By de-risking lending, AIF is uniquely placed to help businesses mobilize financial resources to catalyze private sector development, says Nigerian Government.
Over the last decade, and despite impressive growth rates in most of the continent, Africa’s infrastructure needs remain huge with annual financing gap between US$ 130 and US$ 170 billion annually.
To close this gap, the African Development Bank is working with leading global development finance institutions to set up a mutualized co-guarantee platform to de-risk investments and facilitate projects that have the capacity of transforming the continent under the Africa Investment Forum (AIF).
The Bank is positioning the AIF, scheduled for South Africa, 7-9 November 2018, as a platform to improve the ease of doing business in Africa by advancing and promoting investment friendly regulations. AIF will also champion ethical business practices in Africa.
Speaking at a roadshow on the AIF held in Abuja, the Special Advisor to the Nigerian President and Coordinator of the country’s Economic Recovery and Growth Plan (ERGP) Unit, Folarin Ayalande, assured that Nigeria was ready for investment but lack of affordable and long-term finance remain a major constraint.
He described the lending de-risking component of AIF as a game changer and assured of the support of the Nigerian Government. New approaches are required to deliver on the country’s development targets, with a focus on private sector-led growth, he added.
“Nigeria’s Economic Recovery and Growth Plan requires billions of dollars of investment to deliver on its growth and job-creation targets. We will collaborate with the private sector and the AIF by targeting opportunity-driven entrepreneurs by upgrading skills, developing business clusters and economic corridors.
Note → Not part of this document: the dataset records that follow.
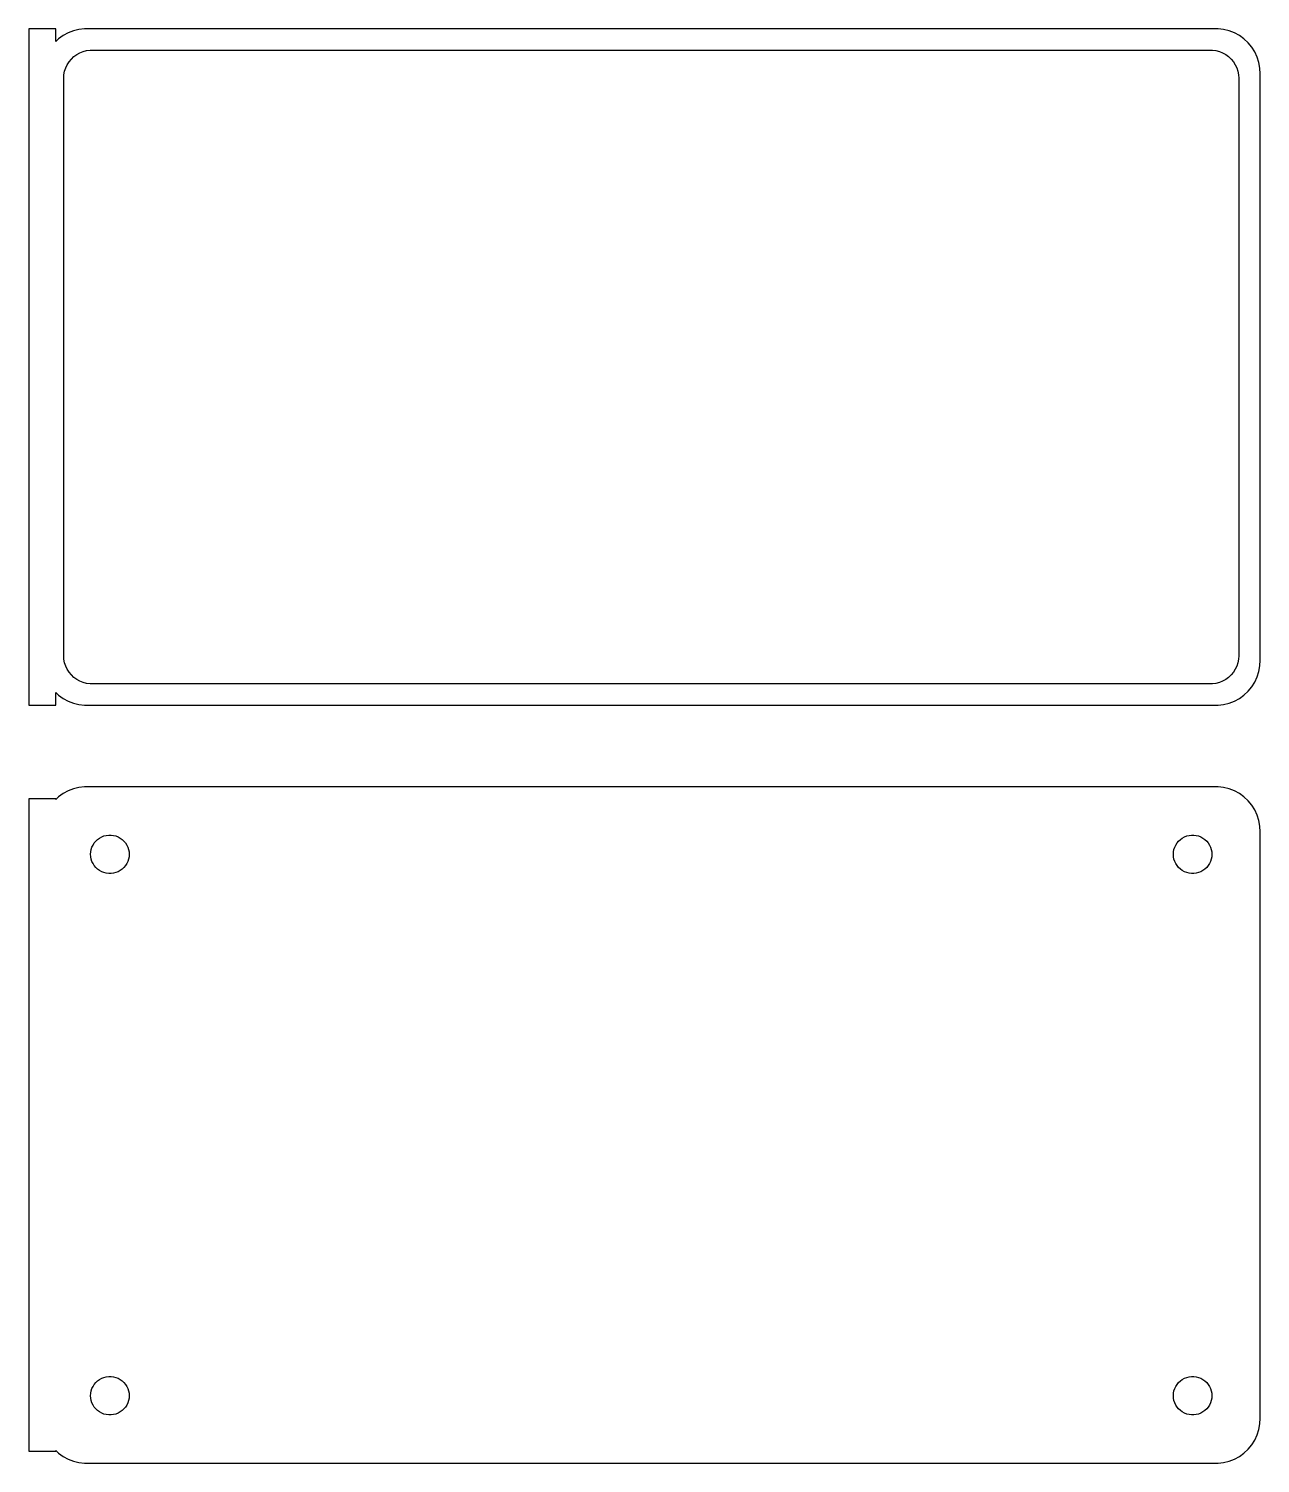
# Model space of a CAD drawing. Header units: metres. Extents: x -69 to 68, y 131 to 289.
import ezdxf

# ---------------------------------------------------------------- set-up
doc = ezdxf.new("R2010")
doc.units = ezdxf.units.M

msp = doc.modelspace()

# ---------------------------------------------------------------- linework, layer by layer
for p, q in [((-66, 289.479), (-69, 289.479)), ((-69, 289.479), (-69, 214.521)), ((-66, 288.059), (-66, 289.479)), ((-63.4369, 289.411), (-64.0451, 289.255)), ((-62.8139, 289.49), (-63.4369, 289.411)), ((62.8139, 289.49), (-62.8139, 289.49)), ((63.4369, 289.411), (62.8139, 289.49)), ((64.0451, 289.255), (63.4369, 289.411)), ((-65.6871, 288.353), (-66, 288.059)), ((-65.1791, 288.722), (-65.6871, 288.353)), ((-64.6289, 289.024), (-65.1791, 288.722)), ((-64.0451, 289.255), (-64.6289, 289.024)), ((64.6289, 289.024), (64.0451, 289.255)), ((65.1791, 288.722), (64.6289, 289.024)), ((65.6871, 288.353), (65.1791, 288.722)), ((66.1448, 287.923), (65.6871, 288.353)), ((66.5451, 287.439), (66.1448, 287.923)), ((-64.2692, 286.131), (-63.9842, 286.399)), ((-63.9842, 286.399), (-63.668, 286.628)), ((-63.668, 286.628), (-63.3254, 286.817)), ((-63.3254, 286.817), (-62.9619, 286.961)), ((-62.9619, 286.961), (-62.5833, 287.058)), ((-62.5833, 287.058), (-62.1954, 287.107)), ((-62.1954, 287.107), (62.1954, 287.107)), ((62.1954, 287.107), (62.5833, 287.058)), ((62.5833, 287.058), (62.9619, 286.961)), ((62.9619, 286.961), (63.3254, 286.817)), ((63.3254, 286.817), (63.668, 286.628)), ((63.668, 286.628), (63.9842, 286.399)), ((63.9842, 286.399), (64.2692, 286.131)), ((66.8815, 286.909), (66.5451, 287.439)), ((67.1489, 286.341), (66.8815, 286.909)), ((67.3429, 285.743), (67.1489, 286.341)), ((-65.0884, 284.39), (-65.0151, 284.774)), ((-65.0151, 284.774), (-64.8943, 285.146)), ((-64.8943, 285.146), (-64.7279, 285.5)), ((-64.7279, 285.5), (-64.5184, 285.83)), ((-64.5184, 285.83), (-64.2692, 286.131)), ((64.2692, 286.131), (64.5184, 285.83)), ((64.5184, 285.83), (64.7279, 285.5)), ((64.7279, 285.5), (64.8943, 285.146)), ((64.8943, 285.146), (65.0151, 284.774)), ((65.0151, 284.774), (65.0884, 284.39)), ((67.4606, 285.127), (67.3429, 285.743)), ((67.5, 284.5), (67.4606, 285.127)), ((-65.1129, 284), (-65.0884, 284.39)), ((-65.1129, 220), (-65.1129, 284)), ((65.0884, 284.39), (65.1129, 284)), ((65.1129, 284), (65.1129, 220)), ((67.5, 219.5), (67.5, 284.5)), ((-65.0884, 219.61), (-65.1129, 220)), ((-65.0151, 219.226), (-65.0884, 219.61)), ((65.0884, 219.61), (65.0151, 219.226)), ((65.1129, 220), (65.0884, 219.61)), ((67.4606, 218.873), (67.5, 219.5)), ((-64.8943, 218.854), (-65.0151, 219.226)), ((-64.7279, 218.5), (-64.8943, 218.854)), ((-64.5184, 218.17), (-64.7279, 218.5)), ((-64.2692, 217.869), (-64.5184, 218.17)), ((-63.9842, 217.601), (-64.2692, 217.869)), ((64.2692, 217.869), (63.9842, 217.601)), ((64.5184, 218.17), (64.2692, 217.869)), ((64.7279, 218.5), (64.5184, 218.17)), ((64.8943, 218.854), (64.7279, 218.5)), ((65.0151, 219.226), (64.8943, 218.854)), ((67.1489, 217.659), (67.3429, 218.257)), ((67.3429, 218.257), (67.4606, 218.873)), ((-63.668, 217.372), (-63.9842, 217.601)), ((-63.3254, 217.183), (-63.668, 217.372)), ((-62.9619, 217.039), (-63.3254, 217.183)), ((-62.5833, 216.942), (-62.9619, 217.039)), ((-62.1954, 216.893), (-62.5833, 216.942)), ((62.1954, 216.893), (-62.1954, 216.893)), ((62.5833, 216.942), (62.1954, 216.893)), ((62.9619, 217.039), (62.5833, 216.942)), ((63.3254, 217.183), (62.9619, 217.039)), ((63.668, 217.372), (63.3254, 217.183)), ((63.9842, 217.601), (63.668, 217.372)), ((66.1448, 216.077), (66.5451, 216.561)), ((66.5451, 216.561), (66.8815, 217.091)), ((66.8815, 217.091), (67.1489, 217.659)), ((-66, 214.521), (-66, 215.941)), ((-66, 215.941), (-65.6871, 215.647)), ((-65.6871, 215.647), (-65.1791, 215.278)), ((-65.1791, 215.278), (-64.6289, 214.976)), ((-64.6289, 214.976), (-64.0451, 214.745)), ((-64.0451, 214.745), (-63.4369, 214.589)), ((63.4369, 214.589), (64.0451, 214.745)), ((64.0451, 214.745), (64.6289, 214.976)), ((64.6289, 214.976), (65.1791, 215.278)), ((65.1791, 215.278), (65.6871, 215.647)), ((65.6871, 215.647), (66.1448, 216.077)), ((-69, 214.521), (-66, 214.521)), ((-63.4369, 214.589), (-62.8139, 214.51)), ((-62.8139, 214.51), (62.8139, 214.51)), ((62.8139, 214.51), (63.4369, 214.589)), ((-64.0451, 205.255), (-64.6289, 205.024)), ((-63.4369, 205.411), (-64.0451, 205.255)), ((-62.8139, 205.49), (-63.4369, 205.411)), ((62.8139, 205.49), (-62.8139, 205.49)), ((63.4369, 205.411), (62.8139, 205.49)), ((64.0451, 205.255), (63.4369, 205.411)), ((64.6289, 205.024), (64.0451, 205.255)), ((-66, 204.153), (-69, 204.153)), ((-69, 204.153), (-69, 131.847)), ((-65.6871, 204.353), (-66, 204.059)), ((-66, 204.059), (-66, 204.153)), ((-65.1791, 204.722), (-65.6871, 204.353)), ((-64.6289, 205.024), (-65.1791, 204.722)), ((65.1791, 204.722), (64.6289, 205.024)), ((65.6871, 204.353), (65.1791, 204.722)), ((66.1448, 203.923), (65.6871, 204.353)), ((66.5451, 203.439), (66.1448, 203.923)), ((66.8815, 202.909), (66.5451, 203.439)), ((67.1489, 202.341), (66.8815, 202.909)), ((67.3429, 201.743), (67.1489, 202.341)), ((67.4606, 201.127), (67.3429, 201.743)), ((67.5, 200.5), (67.4606, 201.127)), ((67.5, 135.5), (67.5, 200.5)), ((-62.0682, 198.531), (-61.9853, 198.786)), ((-61.9853, 198.786), (-61.8712, 199.029)), ((-61.8712, 199.029), (-61.7275, 199.255)), ((-61.7275, 199.255), (-61.5565, 199.462)), ((-61.5565, 199.462), (-61.3611, 199.645)), ((-61.3611, 199.645), (-61.1441, 199.803)), ((-61.1441, 199.803), (-60.9092, 199.932)), ((-60.9092, 199.932), (-60.6598, 200.031)), ((-60.6598, 200.031), (-60.4001, 200.097)), ((-60.4001, 200.097), (-60.1341, 200.131)), ((-60.1341, 200.131), (-59.8659, 200.131)), ((-59.8659, 200.131), (-59.5999, 200.097)), ((-59.5999, 200.097), (-59.3401, 200.031)), ((-59.3401, 200.031), (-59.0908, 199.932)), ((-59.0908, 199.932), (-58.8559, 199.803)), ((-58.8559, 199.803), (-58.6389, 199.645)), ((-58.6389, 199.645), (-58.4434, 199.462)), ((-58.4434, 199.462), (-58.2725, 199.255)), ((-58.2725, 199.255), (-58.1288, 199.029)), ((-58.1288, 199.029), (-58.0146, 198.786)), ((-58.0146, 198.786), (-57.9318, 198.531)), ((57.9318, 198.531), (58.0146, 198.786)), ((58.0146, 198.786), (58.1288, 199.029)), ((58.1288, 199.029), (58.2725, 199.255)), ((58.2725, 199.255), (58.4434, 199.462)), ((58.4434, 199.462), (58.6389, 199.645)), ((58.6389, 199.645), (58.8559, 199.803)), ((58.8559, 199.803), (59.0908, 199.932)), ((59.0908, 199.932), (59.3401, 200.031)), ((59.3401, 200.031), (59.5999, 200.097)), ((59.5999, 200.097), (59.8659, 200.131)), ((59.8659, 200.131), (60.1341, 200.131)), ((60.1341, 200.131), (60.4001, 200.097)), ((60.4001, 200.097), (60.6598, 200.031)), ((60.6598, 200.031), (60.9092, 199.932)), ((60.9092, 199.932), (61.1441, 199.803)), ((61.1441, 199.803), (61.3611, 199.645)), ((61.3611, 199.645), (61.5565, 199.462)), ((61.5565, 199.462), (61.7275, 199.255)), ((61.7275, 199.255), (61.8712, 199.029)), ((61.8712, 199.029), (61.9853, 198.786)), ((61.9853, 198.786), (62.0682, 198.531)), ((-62.1353, 198), (-62.1185, 198.268)), ((-62.1185, 197.732), (-62.1353, 198)), ((-62.1185, 198.268), (-62.0682, 198.531)), ((-62.0682, 197.469), (-62.1185, 197.732)), ((-61.9853, 197.214), (-62.0682, 197.469)), ((-61.8712, 196.971), (-61.9853, 197.214)), ((-58.0146, 197.214), (-58.1288, 196.971)), ((-57.9318, 197.469), (-58.0146, 197.214)), ((-57.9318, 198.531), (-57.8815, 198.268)), ((-57.8815, 197.732), (-57.9318, 197.469)), ((-57.8815, 198.268), (-57.8647, 198)), ((-57.8647, 198), (-57.8815, 197.732)), ((57.8647, 198), (57.8815, 198.268)), ((57.8815, 197.732), (57.8647, 198)), ((57.8815, 198.268), (57.9318, 198.531)), ((57.9318, 197.469), (57.8815, 197.732)), ((58.0146, 197.214), (57.9318, 197.469)), ((58.1288, 196.971), (58.0146, 197.214)), ((61.9853, 197.214), (61.8712, 196.971)), ((62.0682, 197.469), (61.9853, 197.214)), ((62.0682, 198.531), (62.1185, 198.268)), ((62.1185, 197.732), (62.0682, 197.469)), ((62.1185, 198.268), (62.1353, 198)), ((62.1353, 198), (62.1185, 197.732)), ((-61.7275, 196.745), (-61.8712, 196.971)), ((-61.5565, 196.538), (-61.7275, 196.745)), ((-61.3611, 196.355), (-61.5565, 196.538)), ((-61.1441, 196.197), (-61.3611, 196.355)), ((-60.9092, 196.068), (-61.1441, 196.197)), ((-60.6598, 195.969), (-60.9092, 196.068)), ((-60.4001, 195.903), (-60.6598, 195.969)), ((-60.1341, 195.869), (-60.4001, 195.903)), ((-59.8659, 195.869), (-60.1341, 195.869)), ((-59.5999, 195.903), (-59.8659, 195.869)), ((-59.3401, 195.969), (-59.5999, 195.903)), ((-59.0908, 196.068), (-59.3401, 195.969)), ((-58.8559, 196.197), (-59.0908, 196.068)), ((-58.6389, 196.355), (-58.8559, 196.197)), ((-58.4434, 196.538), (-58.6389, 196.355)), ((-58.2725, 196.745), (-58.4434, 196.538)), ((-58.1288, 196.971), (-58.2725, 196.745)), ((58.2725, 196.745), (58.1288, 196.971)), ((58.4434, 196.538), (58.2725, 196.745)), ((58.6389, 196.355), (58.4434, 196.538)), ((58.8559, 196.197), (58.6389, 196.355)), ((59.0908, 196.068), (58.8559, 196.197)), ((59.3401, 195.969), (59.0908, 196.068)), ((59.5999, 195.903), (59.3401, 195.969)), ((59.8659, 195.869), (59.5999, 195.903)), ((60.1341, 195.869), (59.8659, 195.869)), ((60.4001, 195.903), (60.1341, 195.869)), ((60.6598, 195.969), (60.4001, 195.903)), ((60.9092, 196.068), (60.6598, 195.969)), ((61.1441, 196.197), (60.9092, 196.068)), ((61.3611, 196.355), (61.1441, 196.197)), ((61.5565, 196.538), (61.3611, 196.355)), ((61.7275, 196.745), (61.5565, 196.538)), ((61.8712, 196.971), (61.7275, 196.745)), ((-61.1441, 139.803), (-60.9092, 139.932)), ((-60.9092, 139.932), (-60.6598, 140.031)), ((-60.6598, 140.031), (-60.4001, 140.097)), ((-60.4001, 140.097), (-60.1341, 140.131)), ((-60.1341, 140.131), (-59.8659, 140.131)), ((-59.8659, 140.131), (-59.5999, 140.097)), ((-59.5999, 140.097), (-59.3401, 140.031)), ((-59.3401, 140.031), (-59.0908, 139.932)), ((-59.0908, 139.932), (-58.8559, 139.803)), ((58.8559, 139.803), (59.0908, 139.932)), ((59.0908, 139.932), (59.3401, 140.031)), ((59.3401, 140.031), (59.5999, 140.097)), ((59.5999, 140.097), (59.8659, 140.131)), ((59.8659, 140.131), (60.1341, 140.131)), ((60.1341, 140.131), (60.4001, 140.097)), ((60.4001, 140.097), (60.6598, 140.031)), ((60.6598, 140.031), (60.9092, 139.932)), ((60.9092, 139.932), (61.1441, 139.803)), ((-62.1185, 138.268), (-62.0682, 138.531)), ((-62.0682, 138.531), (-61.9853, 138.786)), ((-61.9853, 138.786), (-61.8712, 139.029)), ((-61.8712, 139.029), (-61.7275, 139.255)), ((-61.7275, 139.255), (-61.5565, 139.462)), ((-61.5565, 139.462), (-61.3611, 139.645)), ((-61.3611, 139.645), (-61.1441, 139.803)), ((-58.8559, 139.803), (-58.6389, 139.645)), ((-58.6389, 139.645), (-58.4434, 139.462)), ((-58.4434, 139.462), (-58.2725, 139.255)), ((-58.2725, 139.255), (-58.1288, 139.029)), ((-58.1288, 139.029), (-58.0146, 138.786)), ((-58.0146, 138.786), (-57.9318, 138.531)), ((-57.9318, 138.531), (-57.8815, 138.268)), ((57.8815, 138.268), (57.9318, 138.531)), ((57.9318, 138.531), (58.0146, 138.786)), ((58.0146, 138.786), (58.1288, 139.029)), ((58.1288, 139.029), (58.2725, 139.255)), ((58.2725, 139.255), (58.4434, 139.462)), ((58.4434, 139.462), (58.6389, 139.645)), ((58.6389, 139.645), (58.8559, 139.803)), ((61.1441, 139.803), (61.3611, 139.645)), ((61.3611, 139.645), (61.5565, 139.462)), ((61.5565, 139.462), (61.7275, 139.255)), ((61.7275, 139.255), (61.8712, 139.029)), ((61.8712, 139.029), (61.9853, 138.786)), ((61.9853, 138.786), (62.0682, 138.531)), ((62.0682, 138.531), (62.1185, 138.268)), ((-62.1353, 138), (-62.1185, 138.268)), ((-62.1185, 137.732), (-62.1353, 138)), ((-62.0682, 137.469), (-62.1185, 137.732)), ((-61.9853, 137.214), (-62.0682, 137.469)), ((-61.8712, 136.971), (-61.9853, 137.214)), ((-61.7275, 136.745), (-61.8712, 136.971)), ((-61.5565, 136.538), (-61.7275, 136.745)), ((-58.2725, 136.745), (-58.4434, 136.538)), ((-58.1288, 136.971), (-58.2725, 136.745)), ((-58.0146, 137.214), (-58.1288, 136.971)), ((-57.9318, 137.469), (-58.0146, 137.214)), ((-57.8815, 137.732), (-57.9318, 137.469)), ((-57.8815, 138.268), (-57.8647, 138)), ((-57.8647, 138), (-57.8815, 137.732)), ((57.8647, 138), (57.8815, 138.268)), ((57.8815, 137.732), (57.8647, 138)), ((57.9318, 137.469), (57.8815, 137.732)), ((58.0146, 137.214), (57.9318, 137.469)), ((58.1288, 136.971), (58.0146, 137.214)), ((58.2725, 136.745), (58.1288, 136.971)), ((58.4434, 136.538), (58.2725, 136.745)), ((61.7275, 136.745), (61.5565, 136.538)), ((61.8712, 136.971), (61.7275, 136.745)), ((61.9853, 137.214), (61.8712, 136.971)), ((62.0682, 137.469), (61.9853, 137.214)), ((62.1185, 137.732), (62.0682, 137.469)), ((62.1185, 138.268), (62.1353, 138)), ((62.1353, 138), (62.1185, 137.732)), ((-61.3611, 136.355), (-61.5565, 136.538)), ((-61.1441, 136.197), (-61.3611, 136.355)), ((-60.9092, 136.068), (-61.1441, 136.197)), ((-60.6598, 135.969), (-60.9092, 136.068)), ((-60.4001, 135.903), (-60.6598, 135.969)), ((-60.1341, 135.869), (-60.4001, 135.903)), ((-59.8659, 135.869), (-60.1341, 135.869)), ((-59.5999, 135.903), (-59.8659, 135.869)), ((-59.3401, 135.969), (-59.5999, 135.903)), ((-59.0908, 136.068), (-59.3401, 135.969)), ((-58.8559, 136.197), (-59.0908, 136.068)), ((-58.6389, 136.355), (-58.8559, 136.197)), ((-58.4434, 136.538), (-58.6389, 136.355)), ((58.6389, 136.355), (58.4434, 136.538)), ((58.8559, 136.197), (58.6389, 136.355)), ((59.0908, 136.068), (58.8559, 136.197)), ((59.3401, 135.969), (59.0908, 136.068)), ((59.5999, 135.903), (59.3401, 135.969)), ((59.8659, 135.869), (59.5999, 135.903)), ((60.1341, 135.869), (59.8659, 135.869)), ((60.4001, 135.903), (60.1341, 135.869)), ((60.6598, 135.969), (60.4001, 135.903)), ((60.9092, 136.068), (60.6598, 135.969)), ((61.1441, 136.197), (60.9092, 136.068)), ((61.3611, 136.355), (61.1441, 136.197)), ((61.5565, 136.538), (61.3611, 136.355)), ((67.4606, 134.873), (67.5, 135.5)), ((66.8815, 133.091), (67.1489, 133.659)), ((67.1489, 133.659), (67.3429, 134.257)), ((67.3429, 134.257), (67.4606, 134.873)), ((65.6871, 131.647), (66.1448, 132.077)), ((66.1448, 132.077), (66.5451, 132.561)), ((66.5451, 132.561), (66.8815, 133.091)), ((-69, 131.847), (-66, 131.847)), ((-66, 131.847), (-66, 131.941)), ((-66, 131.941), (-65.6871, 131.647)), ((-65.6871, 131.647), (-65.1791, 131.278)), ((-65.1791, 131.278), (-64.6289, 130.976)), ((-64.6289, 130.976), (-64.0451, 130.745)), ((-64.0451, 130.745), (-63.4369, 130.589)), ((-63.4369, 130.589), (-62.8139, 130.51)), ((-62.8139, 130.51), (62.8139, 130.51)), ((62.8139, 130.51), (63.4369, 130.589)), ((63.4369, 130.589), (64.0451, 130.745)), ((64.0451, 130.745), (64.6289, 130.976)), ((64.6289, 130.976), (65.1791, 131.278)), ((65.1791, 131.278), (65.6871, 131.647))]:
    msp.add_line(p, q)

doc.saveas('drawing.dxf')

These are critical factors to developing a buoyant and productive industrial sector in Nigeria,” he said.
“I am particularly delighted to learn that the AIF will not be another talk show but a platform with convening power to bring different players together to explore investment opportunities for the transformation of the African continent. We have talked enough and must now start to act,” he said.
Senior Director for Nigeria Country Office of the African Development Bank, Ebrima Faal, stressed the critical need to change the current funding mix and create partnerships to finance infrastructure and other projects in Africa.
“Nigeria’s infrastructure cumulative financing needs are estimated to reach US$ 3 trillion by 2044 or about US$100 billion annually. This is all happening at a time when public sector finances are extremely pressured,” Faal said.
“As an African optimist, therefore, I dare say that there has never been a better time to invest in Africa’s infrastructure asset class, while ensuring a diverse source of resources, water-tight project preparation and a strong business case. The Africa Investment Forum has been designed to meet the needs of African stakeholders looking to capitalize on the increasing potential of multi-staker partners and the growing investment appetite in Africa.”
The AIF as a marketplace will bring together the Bank and other multilateral financial institutions to de-risk investments at scale,” said Stella Kilonzo, AIF Senior Director.
“AIF will work closely with investors and project sponsors to enable them increase trade and investment in local and global markets, ensuring that projects are able to secure adequate and appropriate finance.”
Working with multilateral institutions, the private sector, and Governments, the Bank is helping Nigeria and other African countries to fine-tune investment-ready projects for investors, fund managers and others managing substantial assets ahead of the AIF in November.
The Abuja roadshow included a briefing session, interaction with key private players, and presentations from Nigeria’s senior Government officials on the country’s development priorities and project pipeline that could benefit from the AIF partnership.